However in raw terms, a person buying a 2600K vs a 2500K pretty much wasted his money. And its unlikely to change for the foreseeable future. DX12 may if anything simply reduce CPU load.
 

Spungo

Diamond Member
Jul 22, 2012
3,217
2
81
And mind you, these tests were at 1080p.... if you step to 1440p or god forbid 4K, the differences become decimals of a percentage. Gaming is 99% GPU bound, when will people learn this?

The difference between an ok CPU and a great CPU is measured in years instead of frames. You can use a 2 core Pentium g3258 for games, and it will work great today, but it might need to be upgraded in 2 years. An i5 or i7 will last a lot longer, and it ends up saving money in the long run.

Cost-wise, the same is true for video cards. The last expensive card I bought lasted a very long time. I probably got about 4-5 years out of my 8800GTX. If I was buying crap cards that can barely run modern games, I would need to buy several cards, and it would end up costing more than just buying a good card in the first place.
 

JAG87

Diamond Member
Jan 3, 2006
3,921
3
76
Yup, paying an exorbitant $100 for a long lived part with higher stock clocks and HT is such a complete waste of money, especially with a GPU with such a godawful price/performance ratio like a GTX 980. :rolleyes:

BTW average FPS proves nothing without knowing minimums and frame time distributions.

There is nothing you can do about that. If you want the best gaming performance, you have to shell out for the best GPU available. And while there is a law of diminishing returns there, when you put more money into a CPU for more cores/threads for gaming, there isn't any diminishing return, there simply is no return, just like buying 16 or 32 GB of ram instead of 8. So yes, the 980 is a bad perf/$ purchase (like any other top tier part), but it's the only way to have top shelf graphics performance, today.

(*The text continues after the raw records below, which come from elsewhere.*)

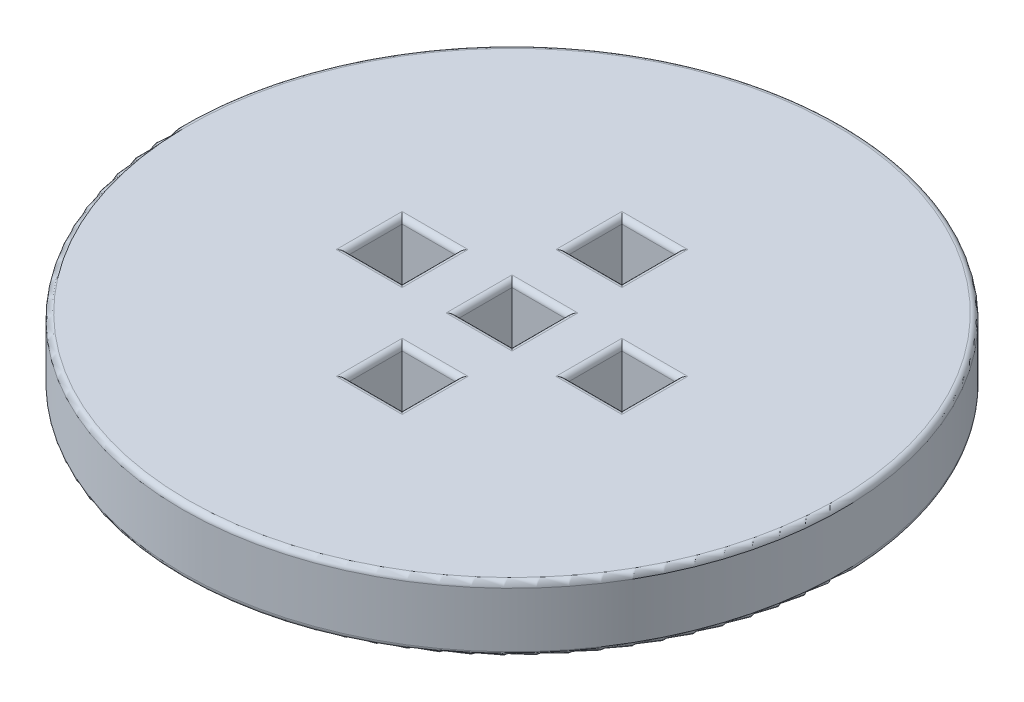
ISO-10303-21;
HEADER;
FILE_DESCRIPTION(('STEP AP214'),'2;1');
FILE_NAME('part.step','',(''),(''),'','','');
FILE_SCHEMA(('AUTOMOTIVE_DESIGN { 1 0 10303 214 1 1 1 1 }'));
ENDSEC;
DATA;
#1=APPLICATION_CONTEXT('core data for automotive mechanical design processes');
#2=APPLICATION_PROTOCOL_DEFINITION('international standard','automotive_design',2000,#1);
#3=PRODUCT_CONTEXT('',#1,'mechanical');
#4=PRODUCT('Part','Part','',(#3));
#5=PRODUCT_RELATED_PRODUCT_CATEGORY('part','',(#4));
#6=PRODUCT_DEFINITION_FORMATION('','',#4);
#7=PRODUCT_DEFINITION_CONTEXT('part definition',#1,'design');
#8=PRODUCT_DEFINITION('design','',#6,#7);
#9=PRODUCT_DEFINITION_SHAPE('','',#8);
#10=(LENGTH_UNIT() NAMED_UNIT(*) SI_UNIT(.MILLI.,.METRE.));
#11=(NAMED_UNIT(*) PLANE_ANGLE_UNIT() SI_UNIT($,.RADIAN.));
#12=(NAMED_UNIT(*) SI_UNIT($,.STERADIAN.) SOLID_ANGLE_UNIT());
#13=UNCERTAINTY_MEASURE_WITH_UNIT(LENGTH_MEASURE(1.E-05),#10,'distance_accuracy_value','');
#14=(GEOMETRIC_REPRESENTATION_CONTEXT(3) GLOBAL_UNCERTAINTY_ASSIGNED_CONTEXT((#13)) GLOBAL_UNIT_ASSIGNED_CONTEXT((#10,
#11,#12)) REPRESENTATION_CONTEXT('',''));
#15=CARTESIAN_POINT('',(0.,0.,0.));
#16=DIRECTION('',(0.,0.,1.));
#17=DIRECTION('',(1.,0.,0.));
#18=AXIS2_PLACEMENT_3D('',#15,#16,#17);
#19=CARTESIAN_POINT('',(0.,6.,0.));
#20=DIRECTION('',(0.,-1.,0.));
#21=DIRECTION('',(0.,0.,-1.));
#22=AXIS2_PLACEMENT_3D('',#19,#20,#21);
#23=CYLINDRICAL_SURFACE('',#22,30.);
#24=CARTESIAN_POINT('',(0.,5.5,0.));
#25=DIRECTION('',(0.,1.,0.));
#26=DIRECTION('',(0.,0.,1.));
#27=AXIS2_PLACEMENT_3D('',#24,#25,#26);
#28=CIRCLE('',#27,30.);
#29=CARTESIAN_POINT('',(0.,5.5,30.));
#30=VERTEX_POINT('',#29);
#31=EDGE_CURVE('E432',#30,#30,#28,.F.);
#32=ORIENTED_EDGE('',*,*,#31,.T.);
#33=EDGE_LOOP('',(#32));
#34=FACE_BOUND('',#33,.T.);
#35=CARTESIAN_POINT('',(0.,0.5,0.));
#36=DIRECTION('',(0.,1.,0.));
#37=DIRECTION('',(0.,0.,1.));
#38=AXIS2_PLACEMENT_3D('',#35,#36,#37);
#39=CIRCLE('',#38,30.);
#40=CARTESIAN_POINT('',(0.,0.5,30.));
#41=VERTEX_POINT('',#40);
#42=EDGE_CURVE('E563',#41,#41,#39,.T.);
#43=ORIENTED_EDGE('',*,*,#42,.T.);
#44=EDGE_LOOP('',(#43));
#45=FACE_BOUND('',#44,.T.);
#46=ADVANCED_FACE('F33',(#34,#45),#23,.T.);
#47=CARTESIAN_POINT('',(0.,6.,0.));
#48=DIRECTION('',(0.,1.,0.));
#49=DIRECTION('',(0.,0.,1.));
#50=AXIS2_PLACEMENT_3D('',#47,#48,#49);
#51=PLANE('',#50);
#52=CARTESIAN_POINT('',(0.,6.,0.));
#53=DIRECTION('',(0.,1.,0.));
#54=DIRECTION('',(0.,0.,1.));
#55=AXIS2_PLACEMENT_3D('',#52,#53,#54);
#56=CIRCLE('',#55,29.5);
#57=CARTESIAN_POINT('',(0.,6.,29.5));
#58=VERTEX_POINT('',#57);
#59=EDGE_CURVE('E429',#58,#58,#56,.T.);
#60=ORIENTED_EDGE('',*,*,#59,.T.);
#61=EDGE_LOOP('',(#60));
#62=FACE_BOUND('',#61,.T.);
#63=DIRECTION('',(0.,0.,1.));
#64=VECTOR('',#63,1.);
#65=CARTESIAN_POINT('',(-3.,6.,7.5));
#66=LINE('',#65,#64);
#67=CARTESIAN_POINT('',(-3.,6.,13.));
#68=VERTEX_POINT('',#67);
#69=CARTESIAN_POINT('',(-3.,6.,7.));
#70=VERTEX_POINT('',#69);
#71=EDGE_CURVE('E424',#68,#70,#66,.F.);
#72=ORIENTED_EDGE('',*,*,#71,.T.);
#73=DIRECTION('',(-1.,0.,0.));
#74=VECTOR('',#73,1.);
#75=CARTESIAN_POINT('',(2.5,6.,7.));
#76=LINE('',#75,#74);
#77=CARTESIAN_POINT('',(3.,6.,7.));
#78=VERTEX_POINT('',#77);
#79=EDGE_CURVE('E426',#70,#78,#76,.F.);
#80=ORIENTED_EDGE('',*,*,#79,.T.);
#81=DIRECTION('',(0.,0.,-1.));
#82=VECTOR('',#81,1.);
#83=CARTESIAN_POINT('',(3.,6.,12.5));
#84=LINE('',#83,#82);
#85=CARTESIAN_POINT('',(3.,6.,13.));
#86=VERTEX_POINT('',#85);
#87=EDGE_CURVE('E420',#78,#86,#84,.F.);
#88=ORIENTED_EDGE('',*,*,#87,.T.);
#89=DIRECTION('',(1.,0.,0.));
#90=VECTOR('',#89,1.);
#91=CARTESIAN_POINT('',(-2.5,6.,13.));
#92=LINE('',#91,#90);
#93=EDGE_CURVE('E422',#86,#68,#92,.F.);
#94=ORIENTED_EDGE('',*,*,#93,.T.);
#95=EDGE_LOOP('',(#72,#80,#88,#94));
#96=FACE_BOUND('',#95,.T.);
#97=DIRECTION('',(0.,0.,1.));
#98=VECTOR('',#97,1.);
#99=CARTESIAN_POINT('',(-3.,6.,-12.5));
#100=LINE('',#99,#98);
#101=CARTESIAN_POINT('',(-3.,6.,-7.));
#102=VERTEX_POINT('',#101);
#103=CARTESIAN_POINT('',(-3.,6.,-13.));
#104=VERTEX_POINT('',#103);
#105=EDGE_CURVE('E411',#102,#104,#100,.F.);
#106=ORIENTED_EDGE('',*,*,#105,.T.);
#107=DIRECTION('',(-1.,0.,0.));
#108=VECTOR('',#107,1.);
#109=CARTESIAN_POINT('',(2.5,6.,-13.));
#110=LINE('',#109,#108);
#111=CARTESIAN_POINT('',(3.,6.,-13.));
#112=VERTEX_POINT('',#111);
#113=EDGE_CURVE('E413',#104,#112,#110,.F.);
#114=ORIENTED_EDGE('',*,*,#113,.T.);
#115=DIRECTION('',(0.,0.,-1.));
#116=VECTOR('',#115,1.);
#117=CARTESIAN_POINT('',(3.,6.,-7.5));
#118=LINE('',#117,#116);
#119=CARTESIAN_POINT('',(3.,6.,-7.));
#120=VERTEX_POINT('',#119);
#121=EDGE_CURVE('E407',#112,#120,#118,.F.);
#122=ORIENTED_EDGE('',*,*,#121,.T.);
#123=DIRECTION('',(1.,0.,0.));
#124=VECTOR('',#123,1.);
#125=CARTESIAN_POINT('',(-2.5,6.,-7.));
#126=LINE('',#125,#124);
#127=EDGE_CURVE('E409',#120,#102,#126,.F.);
#128=ORIENTED_EDGE('',*,*,#127,.T.);
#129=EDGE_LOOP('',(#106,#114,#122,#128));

The difference between an ok CPU and a great CPU is measured in years instead of frames. You can use a 2 core Pentium g3258 for games, and it will work great today, but it might need to be upgraded in 2 years. An i5 or i7 will last a lot longer, and it ends up saving money in the long run.

Cost-wise, the same is true for video cards. The last expensive card I bought lasted a very long time. I probably got about 4-5 years out of my 8800GTX. If I was buying crap cards that can barely run modern games, I would need to buy several cards, and it would end up costing more than just buying a good card in the first place.

No it's not measured in years, because like I said before you will end up moving to a newer platform for other reasons.

The 8800 GTX is a poor example (and almost a one of a kind example), it was a huge leap in performance from what we had, and it brought DX10 support while Windows Vista adoption was abysmal and DX10 games could be counted on one hand. Those two things combined helped the 8800 have a ridiculous long service life.

Anyone with common sense recognizes that top of the line components offer the worst perf/$ and have huge early depreciation. Not only that, but you will end up being stuck with old feature sets while trying to amortize your cost for as long as possible. So the whole point of recommending top tier parts and riding them out is completely wrong.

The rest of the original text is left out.